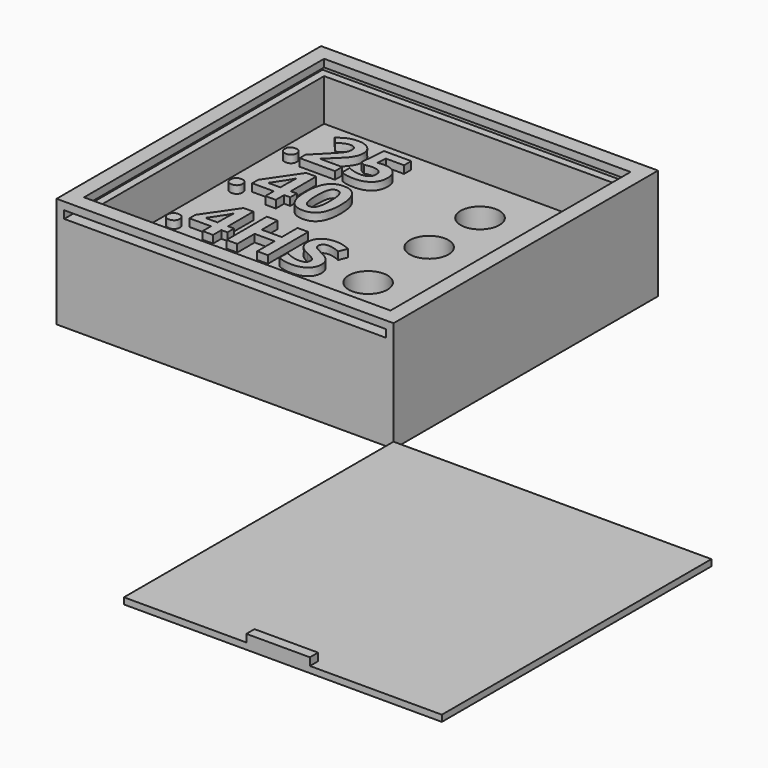
from build123d import *

# Parameters (mm, degrees)
F0_W         = 53
F0_H         = 52
F1_DEPTH     = 8.4
F2_R         = 3.05
F3_DEPTH     = 7
F2_TEXT_SIZE = 11.1111111111
F4_DEPTH     = 1.2
F5_W         = 53
F5_H         = 52
F5_W_2       = 48.2
F5_H_2       = 47.2
F6_DEPTH     = 9
F7_W         = 50.6
F7_H         = 1.2
F8_DEPTH     = 50.8
F9_W         = 50
F9_H         = 53
F10_DEPTH    = 1
F11_W        = 10
F11_H        = 1.6
F12_DEPTH    = 1.2


# Not quite as in the source:
# - Text() gives the source's letters only with a copy of the font that has no kerning and outlines rounded to 1/6400 em; it was checked with that copy


with BuildPart() as f1:
    # F0 (on Top) → F1 (new body)
    with BuildSketch(Plane.XY):
        with Locations((-26.5, 26)):
            Rectangle(F0_W, F0_H)
    extrude(amount=F1_DEPTH)

    # F2 (on face) → F3 (cut)
    with BuildSketch(Plane.XY.offset(8.4)):
        with Locations((-20, 42)):
            Circle(F2_R)
        with Locations((-10, 42)):
            Circle(F2_R)
        with Locations((-10, 32)):
            Circle(F2_R)
        with Locations((-20, 32)):
            Circle(F2_R)
        with Locations((-20, 20)):
            Circle(F2_R)
        with Locations((-10, 20)):
            Circle(F2_R)
        with Locations((-10, 10)):
            Circle(F2_R)
        with Locations((-20, 10)):
            Circle(F2_R)
    extrude(amount=-F3_DEPTH, mode=Mode.SUBTRACT)

    # F2 (on face) → F4 (join)
    with BuildSketch(Plane.XY.offset(8.4)):
        with Locations((-49.7261751376, 16.1900706589)):
            Text('.4HS', F2_TEXT_SIZE, font='Open Sans', font_style=FontStyle.BOLD, text_align=(TextAlign.LEFT, TextAlign.BOTTOM))
        with Locations((-49.5299212635, 28.287965253)):
            Text('.40', F2_TEXT_SIZE, font='Open Sans', font_style=FontStyle.BOLD, text_align=(TextAlign.LEFT, TextAlign.BOTTOM))
        with Locations((-49.4136113511, 38.8002060354)):
            Text('.25', F2_TEXT_SIZE, font='Open Sans', font_style=FontStyle.BOLD, text_align=(TextAlign.LEFT, TextAlign.BOTTOM))
    extrude(amount=F4_DEPTH)

    # F5 (on face) → F6 (join)
    with BuildSketch(Plane.XY.offset(8.4)):
        with Locations((-26.5, 26)):
            Rectangle(F5_W, F5_H)
        with Locations((-26.5, 26)):
            Rectangle(F5_W_2, F5_H_2, mode=Mode.SUBTRACT)
    extrude(amount=F6_DEPTH)

    # F7 (on face) → F8 (cut)
    with BuildSketch(Plane.XZ):
        with Locations((-26.5, 15.6)):
            Rectangle(F7_W, F7_H)
    extrude(amount=-F8_DEPTH, mode=Mode.SUBTRACT)


with BuildPart() as f10:
    # F9 (on Top) → F10 (new body)
    with BuildSketch(Plane.XY):
        with Locations((25, -26.5)):
            Rectangle(F9_W, F9_H)
    extrude(amount=F10_DEPTH)

    # F11 (on face) → F12 (join)
    with BuildSketch(Plane.XY.offset(1)):
        with Locations((24.2500501871, -52.2)):
            Rectangle(F11_W, F11_H)
    extrude(amount=F12_DEPTH)


solid = Compound([f1.part, f10.part])
******
• _Action item_: The expected answer is a copy of every line in the entries that holds the word "join".

• _Result for this exercise_:
    # F2 (on face) → F4 (join)
    # F5 (on face) → F6 (join)
    # F11 (on face) → F12 (join)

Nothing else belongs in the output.